Data for review:

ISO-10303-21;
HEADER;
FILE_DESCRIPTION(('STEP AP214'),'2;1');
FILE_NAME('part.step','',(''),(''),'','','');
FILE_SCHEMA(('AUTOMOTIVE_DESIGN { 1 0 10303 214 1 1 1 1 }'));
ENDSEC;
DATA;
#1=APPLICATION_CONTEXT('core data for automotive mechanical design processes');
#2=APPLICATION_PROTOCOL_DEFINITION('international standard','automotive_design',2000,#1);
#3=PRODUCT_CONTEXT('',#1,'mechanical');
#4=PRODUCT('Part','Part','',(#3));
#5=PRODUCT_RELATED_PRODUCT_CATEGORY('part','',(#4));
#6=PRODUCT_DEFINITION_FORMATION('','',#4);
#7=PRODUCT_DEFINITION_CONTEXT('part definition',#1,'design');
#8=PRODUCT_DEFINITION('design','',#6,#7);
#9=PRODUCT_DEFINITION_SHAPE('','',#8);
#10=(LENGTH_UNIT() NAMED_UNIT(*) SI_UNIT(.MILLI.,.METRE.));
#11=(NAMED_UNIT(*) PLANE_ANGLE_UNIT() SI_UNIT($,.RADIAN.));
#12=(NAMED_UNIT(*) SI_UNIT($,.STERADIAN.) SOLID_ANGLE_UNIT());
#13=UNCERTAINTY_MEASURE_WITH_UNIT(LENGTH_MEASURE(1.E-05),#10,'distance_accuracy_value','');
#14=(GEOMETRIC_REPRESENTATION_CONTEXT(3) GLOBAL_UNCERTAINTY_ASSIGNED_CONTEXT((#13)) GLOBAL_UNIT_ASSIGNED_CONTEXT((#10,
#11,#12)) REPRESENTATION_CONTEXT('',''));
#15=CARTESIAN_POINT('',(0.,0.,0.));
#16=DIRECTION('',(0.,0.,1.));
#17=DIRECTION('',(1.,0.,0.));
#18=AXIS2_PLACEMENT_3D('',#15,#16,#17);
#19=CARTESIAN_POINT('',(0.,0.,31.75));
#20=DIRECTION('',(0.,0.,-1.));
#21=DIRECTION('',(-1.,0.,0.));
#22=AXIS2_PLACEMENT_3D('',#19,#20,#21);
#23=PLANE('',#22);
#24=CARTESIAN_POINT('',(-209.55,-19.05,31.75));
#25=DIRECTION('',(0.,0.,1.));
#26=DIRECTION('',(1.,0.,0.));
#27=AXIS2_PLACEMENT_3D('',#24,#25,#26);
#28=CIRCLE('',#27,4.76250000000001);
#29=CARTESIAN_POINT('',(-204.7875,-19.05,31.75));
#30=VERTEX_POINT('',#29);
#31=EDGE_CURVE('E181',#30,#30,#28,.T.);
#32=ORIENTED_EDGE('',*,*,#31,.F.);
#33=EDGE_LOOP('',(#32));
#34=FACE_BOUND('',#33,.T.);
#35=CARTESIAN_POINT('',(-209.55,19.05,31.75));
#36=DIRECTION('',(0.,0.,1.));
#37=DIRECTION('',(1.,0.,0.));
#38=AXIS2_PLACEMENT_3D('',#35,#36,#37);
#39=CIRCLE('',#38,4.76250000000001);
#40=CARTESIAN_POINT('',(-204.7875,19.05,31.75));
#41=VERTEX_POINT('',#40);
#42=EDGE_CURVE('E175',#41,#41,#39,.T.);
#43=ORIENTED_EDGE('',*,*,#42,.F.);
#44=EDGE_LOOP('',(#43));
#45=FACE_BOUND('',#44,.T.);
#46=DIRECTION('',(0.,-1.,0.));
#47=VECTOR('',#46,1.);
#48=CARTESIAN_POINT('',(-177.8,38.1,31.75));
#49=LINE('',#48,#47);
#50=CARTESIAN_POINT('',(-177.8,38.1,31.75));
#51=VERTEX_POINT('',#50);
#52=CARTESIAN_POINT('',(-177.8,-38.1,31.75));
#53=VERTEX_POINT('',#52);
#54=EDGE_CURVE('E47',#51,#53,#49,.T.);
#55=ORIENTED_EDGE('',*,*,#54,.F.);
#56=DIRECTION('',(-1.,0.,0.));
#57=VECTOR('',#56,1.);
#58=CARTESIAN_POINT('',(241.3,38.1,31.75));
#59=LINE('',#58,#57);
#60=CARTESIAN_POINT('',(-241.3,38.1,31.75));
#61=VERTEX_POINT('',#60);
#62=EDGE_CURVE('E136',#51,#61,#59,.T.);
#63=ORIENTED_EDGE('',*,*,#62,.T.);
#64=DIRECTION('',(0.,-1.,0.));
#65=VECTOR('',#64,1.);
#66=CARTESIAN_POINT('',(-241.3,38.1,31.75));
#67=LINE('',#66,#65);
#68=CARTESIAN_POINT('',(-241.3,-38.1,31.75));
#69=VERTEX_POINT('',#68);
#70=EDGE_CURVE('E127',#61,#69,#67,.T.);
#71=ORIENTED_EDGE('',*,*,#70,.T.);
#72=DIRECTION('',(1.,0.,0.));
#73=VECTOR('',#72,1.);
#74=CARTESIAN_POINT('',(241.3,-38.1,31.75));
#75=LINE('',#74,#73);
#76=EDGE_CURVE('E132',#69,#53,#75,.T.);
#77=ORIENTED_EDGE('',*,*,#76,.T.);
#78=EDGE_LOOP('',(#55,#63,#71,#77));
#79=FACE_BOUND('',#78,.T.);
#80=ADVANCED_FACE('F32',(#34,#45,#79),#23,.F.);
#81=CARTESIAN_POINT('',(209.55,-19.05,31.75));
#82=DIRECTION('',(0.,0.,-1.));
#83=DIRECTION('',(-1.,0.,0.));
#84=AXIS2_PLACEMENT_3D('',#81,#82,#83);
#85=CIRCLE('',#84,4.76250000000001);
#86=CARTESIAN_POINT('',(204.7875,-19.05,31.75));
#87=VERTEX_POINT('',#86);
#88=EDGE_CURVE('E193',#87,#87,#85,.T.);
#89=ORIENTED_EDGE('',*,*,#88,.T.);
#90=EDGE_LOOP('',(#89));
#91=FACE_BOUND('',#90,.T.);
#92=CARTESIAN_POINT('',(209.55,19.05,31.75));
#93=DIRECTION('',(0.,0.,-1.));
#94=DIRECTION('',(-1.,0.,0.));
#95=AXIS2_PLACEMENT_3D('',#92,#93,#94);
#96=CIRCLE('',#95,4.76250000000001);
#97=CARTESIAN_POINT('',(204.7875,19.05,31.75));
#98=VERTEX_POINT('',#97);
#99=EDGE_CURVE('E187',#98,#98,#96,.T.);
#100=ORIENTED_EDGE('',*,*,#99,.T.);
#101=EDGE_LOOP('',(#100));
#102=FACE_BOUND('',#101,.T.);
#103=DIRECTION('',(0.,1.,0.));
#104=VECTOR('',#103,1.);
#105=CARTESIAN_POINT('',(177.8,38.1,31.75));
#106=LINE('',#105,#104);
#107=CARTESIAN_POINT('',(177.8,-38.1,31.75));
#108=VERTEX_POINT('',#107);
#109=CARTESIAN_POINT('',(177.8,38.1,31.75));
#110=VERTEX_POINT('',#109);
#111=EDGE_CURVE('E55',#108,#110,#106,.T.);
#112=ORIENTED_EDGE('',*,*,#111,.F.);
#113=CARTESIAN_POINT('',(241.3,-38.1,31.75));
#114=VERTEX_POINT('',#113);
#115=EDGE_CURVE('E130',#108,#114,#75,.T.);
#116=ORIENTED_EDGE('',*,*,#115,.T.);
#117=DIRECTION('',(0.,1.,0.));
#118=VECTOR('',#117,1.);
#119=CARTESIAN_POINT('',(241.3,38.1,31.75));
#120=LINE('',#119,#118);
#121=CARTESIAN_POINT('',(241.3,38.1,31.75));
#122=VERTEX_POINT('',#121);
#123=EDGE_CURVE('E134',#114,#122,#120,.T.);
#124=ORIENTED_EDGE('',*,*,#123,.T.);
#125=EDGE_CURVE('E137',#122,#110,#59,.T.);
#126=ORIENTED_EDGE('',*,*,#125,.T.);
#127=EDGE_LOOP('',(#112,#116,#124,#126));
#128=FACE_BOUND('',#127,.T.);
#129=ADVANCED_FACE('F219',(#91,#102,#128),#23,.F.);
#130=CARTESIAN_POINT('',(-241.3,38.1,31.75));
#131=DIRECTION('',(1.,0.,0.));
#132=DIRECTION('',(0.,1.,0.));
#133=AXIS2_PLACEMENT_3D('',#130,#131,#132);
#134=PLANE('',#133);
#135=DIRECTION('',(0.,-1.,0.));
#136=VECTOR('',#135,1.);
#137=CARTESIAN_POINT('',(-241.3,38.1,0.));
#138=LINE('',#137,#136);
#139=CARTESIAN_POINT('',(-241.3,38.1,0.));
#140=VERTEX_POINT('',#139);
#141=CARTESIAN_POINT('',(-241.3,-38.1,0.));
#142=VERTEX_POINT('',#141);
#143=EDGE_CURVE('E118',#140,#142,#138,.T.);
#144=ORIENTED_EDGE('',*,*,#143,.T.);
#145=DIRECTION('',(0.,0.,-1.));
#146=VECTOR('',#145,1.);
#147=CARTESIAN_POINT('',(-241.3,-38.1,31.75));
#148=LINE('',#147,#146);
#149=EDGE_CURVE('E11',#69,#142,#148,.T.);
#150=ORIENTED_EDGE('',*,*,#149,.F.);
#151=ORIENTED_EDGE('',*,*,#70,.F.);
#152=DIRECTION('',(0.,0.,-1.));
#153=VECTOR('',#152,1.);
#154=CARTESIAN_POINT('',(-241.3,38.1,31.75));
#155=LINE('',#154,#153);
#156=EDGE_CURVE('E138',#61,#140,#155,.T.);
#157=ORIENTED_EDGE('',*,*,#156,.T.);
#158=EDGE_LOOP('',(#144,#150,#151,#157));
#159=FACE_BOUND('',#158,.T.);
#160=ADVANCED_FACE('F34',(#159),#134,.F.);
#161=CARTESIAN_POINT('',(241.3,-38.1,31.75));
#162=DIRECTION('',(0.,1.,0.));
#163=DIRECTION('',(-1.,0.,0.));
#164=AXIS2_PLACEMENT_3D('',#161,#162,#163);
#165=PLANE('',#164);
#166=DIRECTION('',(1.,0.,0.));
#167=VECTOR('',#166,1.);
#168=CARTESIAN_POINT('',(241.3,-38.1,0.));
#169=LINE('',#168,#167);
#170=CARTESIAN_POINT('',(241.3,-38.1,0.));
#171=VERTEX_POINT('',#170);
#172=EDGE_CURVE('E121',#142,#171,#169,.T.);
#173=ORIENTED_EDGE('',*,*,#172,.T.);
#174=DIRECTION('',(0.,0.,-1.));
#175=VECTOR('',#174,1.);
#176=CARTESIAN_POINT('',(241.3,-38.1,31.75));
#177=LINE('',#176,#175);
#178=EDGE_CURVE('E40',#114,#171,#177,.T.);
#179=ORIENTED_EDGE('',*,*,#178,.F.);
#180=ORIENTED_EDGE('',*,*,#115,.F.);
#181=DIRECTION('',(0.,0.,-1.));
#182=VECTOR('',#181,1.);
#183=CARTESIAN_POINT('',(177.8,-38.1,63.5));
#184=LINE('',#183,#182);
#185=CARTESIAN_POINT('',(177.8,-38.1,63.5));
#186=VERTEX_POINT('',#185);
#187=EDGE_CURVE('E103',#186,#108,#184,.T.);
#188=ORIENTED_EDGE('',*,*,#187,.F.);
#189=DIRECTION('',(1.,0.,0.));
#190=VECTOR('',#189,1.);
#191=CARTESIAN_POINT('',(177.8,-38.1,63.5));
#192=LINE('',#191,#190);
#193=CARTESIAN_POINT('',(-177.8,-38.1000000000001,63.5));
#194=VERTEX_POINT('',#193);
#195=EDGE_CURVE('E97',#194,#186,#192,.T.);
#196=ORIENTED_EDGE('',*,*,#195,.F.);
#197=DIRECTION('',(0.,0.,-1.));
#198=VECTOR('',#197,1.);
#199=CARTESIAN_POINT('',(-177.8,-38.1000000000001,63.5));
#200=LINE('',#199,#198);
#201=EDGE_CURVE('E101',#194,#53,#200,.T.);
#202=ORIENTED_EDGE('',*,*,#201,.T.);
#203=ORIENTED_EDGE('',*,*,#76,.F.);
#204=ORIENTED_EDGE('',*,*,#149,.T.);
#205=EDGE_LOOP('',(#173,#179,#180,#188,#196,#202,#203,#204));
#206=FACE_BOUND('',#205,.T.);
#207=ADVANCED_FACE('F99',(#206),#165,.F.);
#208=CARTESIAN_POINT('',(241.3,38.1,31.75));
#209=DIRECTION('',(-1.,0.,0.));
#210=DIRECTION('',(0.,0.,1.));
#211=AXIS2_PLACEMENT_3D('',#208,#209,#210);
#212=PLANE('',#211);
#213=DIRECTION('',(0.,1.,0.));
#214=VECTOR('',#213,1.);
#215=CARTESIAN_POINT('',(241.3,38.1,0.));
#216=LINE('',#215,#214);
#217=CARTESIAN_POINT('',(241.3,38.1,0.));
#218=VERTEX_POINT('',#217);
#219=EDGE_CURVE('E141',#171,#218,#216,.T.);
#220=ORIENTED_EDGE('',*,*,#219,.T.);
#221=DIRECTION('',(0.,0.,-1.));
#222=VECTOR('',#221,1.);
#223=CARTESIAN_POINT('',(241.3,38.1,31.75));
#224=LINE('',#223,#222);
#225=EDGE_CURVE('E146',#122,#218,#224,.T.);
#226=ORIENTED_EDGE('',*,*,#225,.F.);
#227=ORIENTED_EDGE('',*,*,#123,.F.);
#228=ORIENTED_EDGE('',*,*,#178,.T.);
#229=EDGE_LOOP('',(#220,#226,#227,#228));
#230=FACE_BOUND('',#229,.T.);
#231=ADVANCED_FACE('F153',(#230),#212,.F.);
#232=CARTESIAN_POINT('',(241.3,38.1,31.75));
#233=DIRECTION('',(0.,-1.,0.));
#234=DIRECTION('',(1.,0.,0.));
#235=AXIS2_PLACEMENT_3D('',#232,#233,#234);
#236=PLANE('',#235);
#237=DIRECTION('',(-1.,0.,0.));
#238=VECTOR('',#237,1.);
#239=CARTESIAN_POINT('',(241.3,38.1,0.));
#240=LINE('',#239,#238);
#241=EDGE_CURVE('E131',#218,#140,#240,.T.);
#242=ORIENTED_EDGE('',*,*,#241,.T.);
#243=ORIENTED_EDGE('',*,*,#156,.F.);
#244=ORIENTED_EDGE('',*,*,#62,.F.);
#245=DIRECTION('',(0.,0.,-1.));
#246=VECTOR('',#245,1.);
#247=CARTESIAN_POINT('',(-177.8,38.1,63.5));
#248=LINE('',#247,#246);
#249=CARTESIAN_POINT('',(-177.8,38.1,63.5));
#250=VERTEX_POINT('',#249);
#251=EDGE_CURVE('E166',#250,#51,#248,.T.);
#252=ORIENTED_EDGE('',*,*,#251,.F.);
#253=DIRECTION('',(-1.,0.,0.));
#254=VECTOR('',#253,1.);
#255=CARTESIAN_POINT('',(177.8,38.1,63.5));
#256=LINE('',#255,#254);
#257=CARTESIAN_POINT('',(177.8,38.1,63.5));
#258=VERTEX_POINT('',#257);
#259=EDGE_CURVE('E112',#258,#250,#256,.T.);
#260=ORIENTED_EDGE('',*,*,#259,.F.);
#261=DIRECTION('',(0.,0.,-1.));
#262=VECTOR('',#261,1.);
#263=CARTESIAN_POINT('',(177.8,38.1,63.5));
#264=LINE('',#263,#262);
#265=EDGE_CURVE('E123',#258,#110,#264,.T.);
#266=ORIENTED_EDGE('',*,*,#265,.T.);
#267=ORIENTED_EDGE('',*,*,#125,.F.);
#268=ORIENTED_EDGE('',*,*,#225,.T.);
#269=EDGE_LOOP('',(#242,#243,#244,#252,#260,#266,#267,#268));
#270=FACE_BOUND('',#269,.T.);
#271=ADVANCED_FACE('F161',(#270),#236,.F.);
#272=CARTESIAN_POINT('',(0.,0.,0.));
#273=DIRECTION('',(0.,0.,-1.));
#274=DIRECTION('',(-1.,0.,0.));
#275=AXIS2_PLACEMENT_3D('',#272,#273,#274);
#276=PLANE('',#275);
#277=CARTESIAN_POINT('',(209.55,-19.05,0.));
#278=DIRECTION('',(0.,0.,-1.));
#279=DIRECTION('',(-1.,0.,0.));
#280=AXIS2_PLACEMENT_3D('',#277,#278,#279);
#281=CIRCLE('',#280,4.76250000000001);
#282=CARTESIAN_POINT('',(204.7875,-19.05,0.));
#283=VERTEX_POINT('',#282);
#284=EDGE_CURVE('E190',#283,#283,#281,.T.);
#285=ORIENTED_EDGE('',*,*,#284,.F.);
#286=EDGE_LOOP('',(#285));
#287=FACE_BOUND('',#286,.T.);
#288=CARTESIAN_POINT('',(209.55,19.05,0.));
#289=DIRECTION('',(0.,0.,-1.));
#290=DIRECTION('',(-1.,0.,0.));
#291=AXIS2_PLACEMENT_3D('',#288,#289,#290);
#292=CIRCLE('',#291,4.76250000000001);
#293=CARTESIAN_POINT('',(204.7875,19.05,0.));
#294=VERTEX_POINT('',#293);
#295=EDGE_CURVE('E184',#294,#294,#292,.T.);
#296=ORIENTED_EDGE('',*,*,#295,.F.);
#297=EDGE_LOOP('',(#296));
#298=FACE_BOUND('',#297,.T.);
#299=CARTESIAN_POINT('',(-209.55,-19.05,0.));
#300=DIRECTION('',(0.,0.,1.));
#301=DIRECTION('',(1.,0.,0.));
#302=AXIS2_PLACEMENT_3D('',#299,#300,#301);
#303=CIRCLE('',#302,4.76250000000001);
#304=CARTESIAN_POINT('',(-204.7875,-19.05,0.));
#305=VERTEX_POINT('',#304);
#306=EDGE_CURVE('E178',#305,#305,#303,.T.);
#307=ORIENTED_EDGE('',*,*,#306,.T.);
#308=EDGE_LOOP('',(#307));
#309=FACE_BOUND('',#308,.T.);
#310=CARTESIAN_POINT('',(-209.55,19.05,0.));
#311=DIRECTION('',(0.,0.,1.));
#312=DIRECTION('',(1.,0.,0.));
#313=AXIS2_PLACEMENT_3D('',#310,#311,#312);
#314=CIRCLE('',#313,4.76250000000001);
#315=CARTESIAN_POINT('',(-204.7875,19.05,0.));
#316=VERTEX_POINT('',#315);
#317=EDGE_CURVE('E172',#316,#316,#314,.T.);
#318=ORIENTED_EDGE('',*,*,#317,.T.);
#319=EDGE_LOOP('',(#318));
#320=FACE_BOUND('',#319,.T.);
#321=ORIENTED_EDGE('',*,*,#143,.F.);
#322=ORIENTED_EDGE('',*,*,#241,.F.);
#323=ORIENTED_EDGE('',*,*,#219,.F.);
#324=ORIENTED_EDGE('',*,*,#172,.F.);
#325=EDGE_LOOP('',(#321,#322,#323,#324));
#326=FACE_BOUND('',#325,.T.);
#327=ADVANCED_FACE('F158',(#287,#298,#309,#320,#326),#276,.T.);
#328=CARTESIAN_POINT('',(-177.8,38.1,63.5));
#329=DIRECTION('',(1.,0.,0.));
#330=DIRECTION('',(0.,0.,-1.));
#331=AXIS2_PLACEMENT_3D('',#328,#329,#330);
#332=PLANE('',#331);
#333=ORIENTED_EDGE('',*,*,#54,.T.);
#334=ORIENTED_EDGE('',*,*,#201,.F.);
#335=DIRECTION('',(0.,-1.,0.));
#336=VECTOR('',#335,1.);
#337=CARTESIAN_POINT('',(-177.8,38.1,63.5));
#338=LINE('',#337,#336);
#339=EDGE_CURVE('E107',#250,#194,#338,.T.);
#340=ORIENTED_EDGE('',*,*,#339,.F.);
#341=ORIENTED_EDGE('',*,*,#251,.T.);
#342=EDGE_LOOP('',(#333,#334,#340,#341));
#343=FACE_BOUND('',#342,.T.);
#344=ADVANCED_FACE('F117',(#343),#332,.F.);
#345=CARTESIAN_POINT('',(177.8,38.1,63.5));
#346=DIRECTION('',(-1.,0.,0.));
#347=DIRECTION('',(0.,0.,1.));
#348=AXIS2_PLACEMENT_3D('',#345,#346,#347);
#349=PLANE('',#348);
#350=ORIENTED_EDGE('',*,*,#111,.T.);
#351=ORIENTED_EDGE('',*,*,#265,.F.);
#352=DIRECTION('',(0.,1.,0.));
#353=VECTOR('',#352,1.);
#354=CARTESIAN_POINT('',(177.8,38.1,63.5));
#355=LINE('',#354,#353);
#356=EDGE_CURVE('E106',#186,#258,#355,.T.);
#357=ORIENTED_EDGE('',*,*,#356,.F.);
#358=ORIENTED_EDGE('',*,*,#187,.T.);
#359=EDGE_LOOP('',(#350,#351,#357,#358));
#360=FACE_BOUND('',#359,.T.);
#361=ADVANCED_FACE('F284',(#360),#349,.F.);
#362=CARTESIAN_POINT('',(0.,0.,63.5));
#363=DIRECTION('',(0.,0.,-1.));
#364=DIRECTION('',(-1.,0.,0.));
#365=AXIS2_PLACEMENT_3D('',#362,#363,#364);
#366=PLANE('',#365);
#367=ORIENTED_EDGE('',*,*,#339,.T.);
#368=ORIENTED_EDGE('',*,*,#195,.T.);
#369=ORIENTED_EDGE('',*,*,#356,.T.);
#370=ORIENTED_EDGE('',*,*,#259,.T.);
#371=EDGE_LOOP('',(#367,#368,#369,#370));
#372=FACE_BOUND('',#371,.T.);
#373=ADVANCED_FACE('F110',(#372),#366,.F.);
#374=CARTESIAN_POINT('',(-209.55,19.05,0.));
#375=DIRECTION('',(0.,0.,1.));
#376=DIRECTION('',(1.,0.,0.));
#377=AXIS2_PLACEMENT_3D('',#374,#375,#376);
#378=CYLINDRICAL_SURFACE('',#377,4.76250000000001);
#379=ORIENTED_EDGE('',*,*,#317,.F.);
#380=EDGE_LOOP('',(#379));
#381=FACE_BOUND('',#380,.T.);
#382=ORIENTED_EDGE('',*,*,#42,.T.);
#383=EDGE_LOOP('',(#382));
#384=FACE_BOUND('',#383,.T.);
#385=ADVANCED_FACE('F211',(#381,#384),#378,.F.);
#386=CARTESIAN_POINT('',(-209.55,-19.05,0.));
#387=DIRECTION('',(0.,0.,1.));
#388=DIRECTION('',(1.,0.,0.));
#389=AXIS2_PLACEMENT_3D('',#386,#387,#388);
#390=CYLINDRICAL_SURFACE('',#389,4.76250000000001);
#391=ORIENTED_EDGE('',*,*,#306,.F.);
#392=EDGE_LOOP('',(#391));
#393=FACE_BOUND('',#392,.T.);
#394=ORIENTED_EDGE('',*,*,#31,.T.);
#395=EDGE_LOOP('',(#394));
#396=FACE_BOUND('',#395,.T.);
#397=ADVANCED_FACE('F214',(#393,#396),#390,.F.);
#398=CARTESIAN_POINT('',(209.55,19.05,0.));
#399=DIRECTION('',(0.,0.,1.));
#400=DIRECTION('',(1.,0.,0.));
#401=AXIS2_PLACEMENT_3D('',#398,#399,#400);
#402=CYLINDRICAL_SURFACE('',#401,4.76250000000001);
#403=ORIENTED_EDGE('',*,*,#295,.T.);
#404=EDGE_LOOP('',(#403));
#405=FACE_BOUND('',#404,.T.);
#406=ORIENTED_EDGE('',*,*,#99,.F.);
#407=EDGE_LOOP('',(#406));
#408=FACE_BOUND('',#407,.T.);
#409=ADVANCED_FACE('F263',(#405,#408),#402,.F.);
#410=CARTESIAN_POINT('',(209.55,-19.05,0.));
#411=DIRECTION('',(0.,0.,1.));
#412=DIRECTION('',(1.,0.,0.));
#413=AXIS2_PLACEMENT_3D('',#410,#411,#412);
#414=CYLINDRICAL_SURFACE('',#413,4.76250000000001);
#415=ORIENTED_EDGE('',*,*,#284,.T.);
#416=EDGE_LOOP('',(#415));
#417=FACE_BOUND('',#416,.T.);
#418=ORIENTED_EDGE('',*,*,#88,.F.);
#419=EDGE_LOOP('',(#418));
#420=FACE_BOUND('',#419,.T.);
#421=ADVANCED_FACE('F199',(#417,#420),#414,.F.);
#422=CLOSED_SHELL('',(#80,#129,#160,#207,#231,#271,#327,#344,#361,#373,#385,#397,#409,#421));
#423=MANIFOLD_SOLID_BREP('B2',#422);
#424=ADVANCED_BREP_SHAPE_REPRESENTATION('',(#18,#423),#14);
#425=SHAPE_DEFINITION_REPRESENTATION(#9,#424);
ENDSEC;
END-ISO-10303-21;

Task requirements: All lines above from the one with "#10=(LENGTH_UNIT() NAMED_UNIT(*) SI_UNIT(.MILLI.,.METRE.));" to the one with "#51=VERTEX_POINT('',#50);", inclusive, should be copied exactly, and no other lines.

Response:
#10=(LENGTH_UNIT() NAMED_UNIT(*) SI_UNIT(.MILLI.,.METRE.));
#11=(NAMED_UNIT(*) PLANE_ANGLE_UNIT() SI_UNIT($,.RADIAN.));
#12=(NAMED_UNIT(*) SI_UNIT($,.STERADIAN.) SOLID_ANGLE_UNIT());
#13=UNCERTAINTY_MEASURE_WITH_UNIT(LENGTH_MEASURE(1.E-05),#10,'distance_accuracy_value','');
#14=(GEOMETRIC_REPRESENTATION_CONTEXT(3) GLOBAL_UNCERTAINTY_ASSIGNED_CONTEXT((#13)) GLOBAL_UNIT_ASSIGNED_CONTEXT((#10,
#11,#12)) REPRESENTATION_CONTEXT('',''));
#15=CARTESIAN_POINT('',(0.,0.,0.));
#16=DIRECTION('',(0.,0.,1.));
#17=DIRECTION('',(1.,0.,0.));
#18=AXIS2_PLACEMENT_3D('',#15,#16,#17);
#19=CARTESIAN_POINT('',(0.,0.,31.75));
#20=DIRECTION('',(0.,0.,-1.));
#21=DIRECTION('',(-1.,0.,0.));
#22=AXIS2_PLACEMENT_3D('',#19,#20,#21);
#23=PLANE('',#22);
#24=CARTESIAN_POINT('',(-209.55,-19.05,31.75));
#25=DIRECTION('',(0.,0.,1.));
#26=DIRECTION('',(1.,0.,0.));
#27=AXIS2_PLACEMENT_3D('',#24,#25,#26);
#28=CIRCLE('',#27,4.76250000000001);
#29=CARTESIAN_POINT('',(-204.7875,-19.05,31.75));
#30=VERTEX_POINT('',#29);
#31=EDGE_CURVE('E181',#30,#30,#28,.T.);
#32=ORIENTED_EDGE('',*,*,#31,.F.);
#33=EDGE_LOOP('',(#32));
#34=FACE_BOUND('',#33,.T.);
#35=CARTESIAN_POINT('',(-209.55,19.05,31.75));
#36=DIRECTION('',(0.,0.,1.));
#37=DIRECTION('',(1.,0.,0.));
#38=AXIS2_PLACEMENT_3D('',#35,#36,#37);
#39=CIRCLE('',#38,4.76250000000001);
#40=CARTESIAN_POINT('',(-204.7875,19.05,31.75));
#41=VERTEX_POINT('',#40);
#42=EDGE_CURVE('E175',#41,#41,#39,.T.);
#43=ORIENTED_EDGE('',*,*,#42,.F.);
#44=EDGE_LOOP('',(#43));
#45=FACE_BOUND('',#44,.T.);
#46=DIRECTION('',(0.,-1.,0.));
#47=VECTOR('',#46,1.);
#48=CARTESIAN_POINT('',(-177.8,38.1,31.75));
#49=LINE('',#48,#47);
#50=CARTESIAN_POINT('',(-177.8,38.1,31.75));
#51=VERTEX_POINT('',#50);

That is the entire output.